I thought those Continental frames were nuke proof.

I had a blowout a couple days ago. I was at elevation and noticed some
bumping and saw a z-jag in my back tire and took it REAL slow down the
descent. I got to pretty flat elevation before the tire unexpectedly
blew out with what sounded like a gun shot. I just hopped off the bike,
locked it, and walked the rest of the way and came back and got it with
my car later.


Was there a hole in the tire, or did it just blow off the rim? If it's the
latter, it may not have been seated properly on the rim. How much pressure
did you have in it? Do your rims have a hook bead? Also, your hard braking
on the descent could have heated the rims, causing the pressure to increase.

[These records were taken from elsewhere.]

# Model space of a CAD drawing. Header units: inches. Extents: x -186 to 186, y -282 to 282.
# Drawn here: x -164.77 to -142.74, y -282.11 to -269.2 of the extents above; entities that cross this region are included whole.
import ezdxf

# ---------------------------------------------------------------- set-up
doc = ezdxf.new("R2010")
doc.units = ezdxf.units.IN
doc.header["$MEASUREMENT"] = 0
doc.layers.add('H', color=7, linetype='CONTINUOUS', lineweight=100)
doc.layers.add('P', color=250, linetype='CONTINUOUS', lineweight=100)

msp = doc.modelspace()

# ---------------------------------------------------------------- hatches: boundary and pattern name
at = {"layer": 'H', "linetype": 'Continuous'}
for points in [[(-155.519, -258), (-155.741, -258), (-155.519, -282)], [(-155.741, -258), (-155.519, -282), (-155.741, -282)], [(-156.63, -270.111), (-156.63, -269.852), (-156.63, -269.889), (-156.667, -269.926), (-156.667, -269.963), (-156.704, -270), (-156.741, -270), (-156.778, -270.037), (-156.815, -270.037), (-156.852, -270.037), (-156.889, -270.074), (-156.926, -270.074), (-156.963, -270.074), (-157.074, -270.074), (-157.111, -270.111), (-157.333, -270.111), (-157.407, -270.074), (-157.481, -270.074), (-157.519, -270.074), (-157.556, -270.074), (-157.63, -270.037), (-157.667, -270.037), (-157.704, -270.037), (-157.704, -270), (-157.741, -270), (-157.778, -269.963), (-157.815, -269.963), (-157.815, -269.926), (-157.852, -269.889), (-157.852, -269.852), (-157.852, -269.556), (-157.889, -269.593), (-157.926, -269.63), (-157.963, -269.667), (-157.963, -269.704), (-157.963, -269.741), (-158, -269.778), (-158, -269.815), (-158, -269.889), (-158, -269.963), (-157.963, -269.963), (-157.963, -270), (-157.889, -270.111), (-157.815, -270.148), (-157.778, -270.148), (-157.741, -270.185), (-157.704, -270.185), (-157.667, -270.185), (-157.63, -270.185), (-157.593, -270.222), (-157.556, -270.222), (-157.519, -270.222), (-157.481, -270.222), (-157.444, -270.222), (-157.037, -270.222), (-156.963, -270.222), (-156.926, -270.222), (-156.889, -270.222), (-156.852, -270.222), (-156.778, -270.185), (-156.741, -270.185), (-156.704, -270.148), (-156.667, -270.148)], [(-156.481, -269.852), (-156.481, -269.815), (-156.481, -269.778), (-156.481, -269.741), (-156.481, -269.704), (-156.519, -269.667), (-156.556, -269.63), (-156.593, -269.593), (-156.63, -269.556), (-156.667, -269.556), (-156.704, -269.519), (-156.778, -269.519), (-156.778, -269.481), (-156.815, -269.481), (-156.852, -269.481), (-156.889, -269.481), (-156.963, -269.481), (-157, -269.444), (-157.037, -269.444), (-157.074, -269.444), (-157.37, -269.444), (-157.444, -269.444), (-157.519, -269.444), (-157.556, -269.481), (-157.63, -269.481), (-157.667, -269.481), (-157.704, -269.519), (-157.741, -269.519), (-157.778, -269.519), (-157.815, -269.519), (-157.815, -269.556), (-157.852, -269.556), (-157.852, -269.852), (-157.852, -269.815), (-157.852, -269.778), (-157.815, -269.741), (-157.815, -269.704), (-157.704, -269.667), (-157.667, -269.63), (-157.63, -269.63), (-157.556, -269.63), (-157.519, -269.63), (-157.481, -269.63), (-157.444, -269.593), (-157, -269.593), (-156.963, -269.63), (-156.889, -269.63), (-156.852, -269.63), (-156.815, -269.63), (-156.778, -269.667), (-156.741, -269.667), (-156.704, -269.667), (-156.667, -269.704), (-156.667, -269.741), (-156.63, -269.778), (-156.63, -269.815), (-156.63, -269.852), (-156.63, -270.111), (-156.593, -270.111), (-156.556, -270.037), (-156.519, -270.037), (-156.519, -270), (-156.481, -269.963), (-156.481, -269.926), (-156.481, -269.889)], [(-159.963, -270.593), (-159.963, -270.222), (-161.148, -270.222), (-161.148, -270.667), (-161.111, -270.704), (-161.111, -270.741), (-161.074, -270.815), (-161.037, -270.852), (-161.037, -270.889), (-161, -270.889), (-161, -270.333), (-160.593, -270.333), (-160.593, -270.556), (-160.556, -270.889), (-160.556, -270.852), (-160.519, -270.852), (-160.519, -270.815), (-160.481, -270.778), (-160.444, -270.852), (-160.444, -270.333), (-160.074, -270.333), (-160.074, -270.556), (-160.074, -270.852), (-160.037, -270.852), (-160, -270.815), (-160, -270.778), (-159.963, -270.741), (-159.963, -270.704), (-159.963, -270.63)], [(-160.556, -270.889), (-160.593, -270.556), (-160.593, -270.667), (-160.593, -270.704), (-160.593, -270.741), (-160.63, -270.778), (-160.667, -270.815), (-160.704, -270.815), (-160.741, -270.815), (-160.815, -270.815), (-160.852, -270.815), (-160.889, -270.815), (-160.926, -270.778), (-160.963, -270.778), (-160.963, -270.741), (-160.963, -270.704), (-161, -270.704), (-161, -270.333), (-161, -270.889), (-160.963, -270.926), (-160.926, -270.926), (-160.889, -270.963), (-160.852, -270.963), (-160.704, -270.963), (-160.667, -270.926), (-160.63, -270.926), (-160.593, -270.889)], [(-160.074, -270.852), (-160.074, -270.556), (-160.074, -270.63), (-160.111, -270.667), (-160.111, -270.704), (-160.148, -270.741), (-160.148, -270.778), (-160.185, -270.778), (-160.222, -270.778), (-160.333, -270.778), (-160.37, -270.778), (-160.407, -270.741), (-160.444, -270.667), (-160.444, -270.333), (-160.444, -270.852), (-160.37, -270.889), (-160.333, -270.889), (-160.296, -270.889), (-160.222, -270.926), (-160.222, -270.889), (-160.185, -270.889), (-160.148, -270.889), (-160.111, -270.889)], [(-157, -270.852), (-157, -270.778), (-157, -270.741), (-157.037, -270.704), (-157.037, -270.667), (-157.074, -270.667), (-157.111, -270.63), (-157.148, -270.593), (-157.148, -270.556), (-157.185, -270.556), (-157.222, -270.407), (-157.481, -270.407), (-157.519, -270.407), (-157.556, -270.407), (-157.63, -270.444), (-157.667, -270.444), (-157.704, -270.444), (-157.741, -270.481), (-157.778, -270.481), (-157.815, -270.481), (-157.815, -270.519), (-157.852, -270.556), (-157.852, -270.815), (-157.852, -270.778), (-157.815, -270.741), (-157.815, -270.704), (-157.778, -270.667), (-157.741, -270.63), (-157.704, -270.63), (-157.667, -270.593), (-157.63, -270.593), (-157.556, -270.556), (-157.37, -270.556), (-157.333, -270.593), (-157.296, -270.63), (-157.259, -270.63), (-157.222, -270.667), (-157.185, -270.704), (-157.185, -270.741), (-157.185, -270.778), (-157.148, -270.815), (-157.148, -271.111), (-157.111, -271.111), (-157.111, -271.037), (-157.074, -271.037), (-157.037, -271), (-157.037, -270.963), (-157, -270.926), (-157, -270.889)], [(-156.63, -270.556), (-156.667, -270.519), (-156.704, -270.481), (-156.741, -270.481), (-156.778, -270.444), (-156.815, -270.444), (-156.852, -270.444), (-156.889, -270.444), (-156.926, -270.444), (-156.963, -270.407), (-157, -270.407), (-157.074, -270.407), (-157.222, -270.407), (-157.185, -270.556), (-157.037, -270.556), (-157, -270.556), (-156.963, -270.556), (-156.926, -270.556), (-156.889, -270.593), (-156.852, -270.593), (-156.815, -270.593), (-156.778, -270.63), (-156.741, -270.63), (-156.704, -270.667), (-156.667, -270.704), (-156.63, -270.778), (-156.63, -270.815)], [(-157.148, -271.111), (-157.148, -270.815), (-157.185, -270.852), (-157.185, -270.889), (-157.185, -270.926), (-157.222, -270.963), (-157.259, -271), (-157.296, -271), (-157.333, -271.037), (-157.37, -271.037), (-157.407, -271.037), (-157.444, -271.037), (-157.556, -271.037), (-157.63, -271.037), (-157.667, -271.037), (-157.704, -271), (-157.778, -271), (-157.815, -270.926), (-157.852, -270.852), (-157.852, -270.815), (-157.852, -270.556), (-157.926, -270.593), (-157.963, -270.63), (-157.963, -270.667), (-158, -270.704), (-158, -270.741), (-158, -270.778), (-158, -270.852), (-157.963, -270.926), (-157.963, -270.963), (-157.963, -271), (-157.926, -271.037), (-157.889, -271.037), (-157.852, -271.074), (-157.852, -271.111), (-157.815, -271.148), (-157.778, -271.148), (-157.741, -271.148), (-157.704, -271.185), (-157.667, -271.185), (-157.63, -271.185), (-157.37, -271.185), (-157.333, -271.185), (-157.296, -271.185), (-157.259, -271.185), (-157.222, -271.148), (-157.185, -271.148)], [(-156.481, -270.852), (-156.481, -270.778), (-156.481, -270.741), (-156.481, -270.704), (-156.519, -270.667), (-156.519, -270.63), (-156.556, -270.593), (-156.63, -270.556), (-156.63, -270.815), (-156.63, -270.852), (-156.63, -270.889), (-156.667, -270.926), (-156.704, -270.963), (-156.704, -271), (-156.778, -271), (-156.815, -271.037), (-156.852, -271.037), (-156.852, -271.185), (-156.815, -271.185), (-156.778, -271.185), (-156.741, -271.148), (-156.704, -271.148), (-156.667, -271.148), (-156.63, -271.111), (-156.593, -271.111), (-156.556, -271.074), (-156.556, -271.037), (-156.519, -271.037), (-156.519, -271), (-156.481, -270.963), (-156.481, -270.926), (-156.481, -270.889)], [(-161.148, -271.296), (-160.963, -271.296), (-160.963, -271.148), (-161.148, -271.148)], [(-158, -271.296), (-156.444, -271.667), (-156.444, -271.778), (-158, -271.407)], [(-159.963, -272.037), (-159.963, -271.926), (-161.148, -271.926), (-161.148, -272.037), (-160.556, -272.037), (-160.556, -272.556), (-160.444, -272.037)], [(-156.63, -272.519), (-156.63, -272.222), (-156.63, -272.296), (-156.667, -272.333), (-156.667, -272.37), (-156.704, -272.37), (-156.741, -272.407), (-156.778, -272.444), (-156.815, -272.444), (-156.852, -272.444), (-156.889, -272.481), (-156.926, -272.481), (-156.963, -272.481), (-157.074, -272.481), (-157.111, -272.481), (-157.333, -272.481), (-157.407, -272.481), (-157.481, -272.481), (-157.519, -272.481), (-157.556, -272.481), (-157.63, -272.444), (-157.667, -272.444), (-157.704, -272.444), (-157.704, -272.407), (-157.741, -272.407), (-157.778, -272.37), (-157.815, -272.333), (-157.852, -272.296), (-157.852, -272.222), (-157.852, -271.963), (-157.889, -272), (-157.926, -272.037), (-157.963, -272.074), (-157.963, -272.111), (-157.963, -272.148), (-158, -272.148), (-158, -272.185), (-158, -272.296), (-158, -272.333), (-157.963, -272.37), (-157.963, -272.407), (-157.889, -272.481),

That tire was not on that bike more than about a month. It was one of
several cheap tires I bought a few years ago and they seem to have all
gotten stiff, somewhat brittle and even crumbly just sitting around.
Does this always happen with bike tires? You can't buy them and store
them without them going bad? Is there something you can do to protect
them, like an application of Armor All?


Keep the tires away from sunlight and ozone. Store them in a plastic bag in
a cool dry place and they'll last for years.

Another question I have is this: The place where I bought my used Miyata
said they could convert it to a 700cc bike to use the now common tire. I
assume that there's a whole lot more available in the 700 size, right?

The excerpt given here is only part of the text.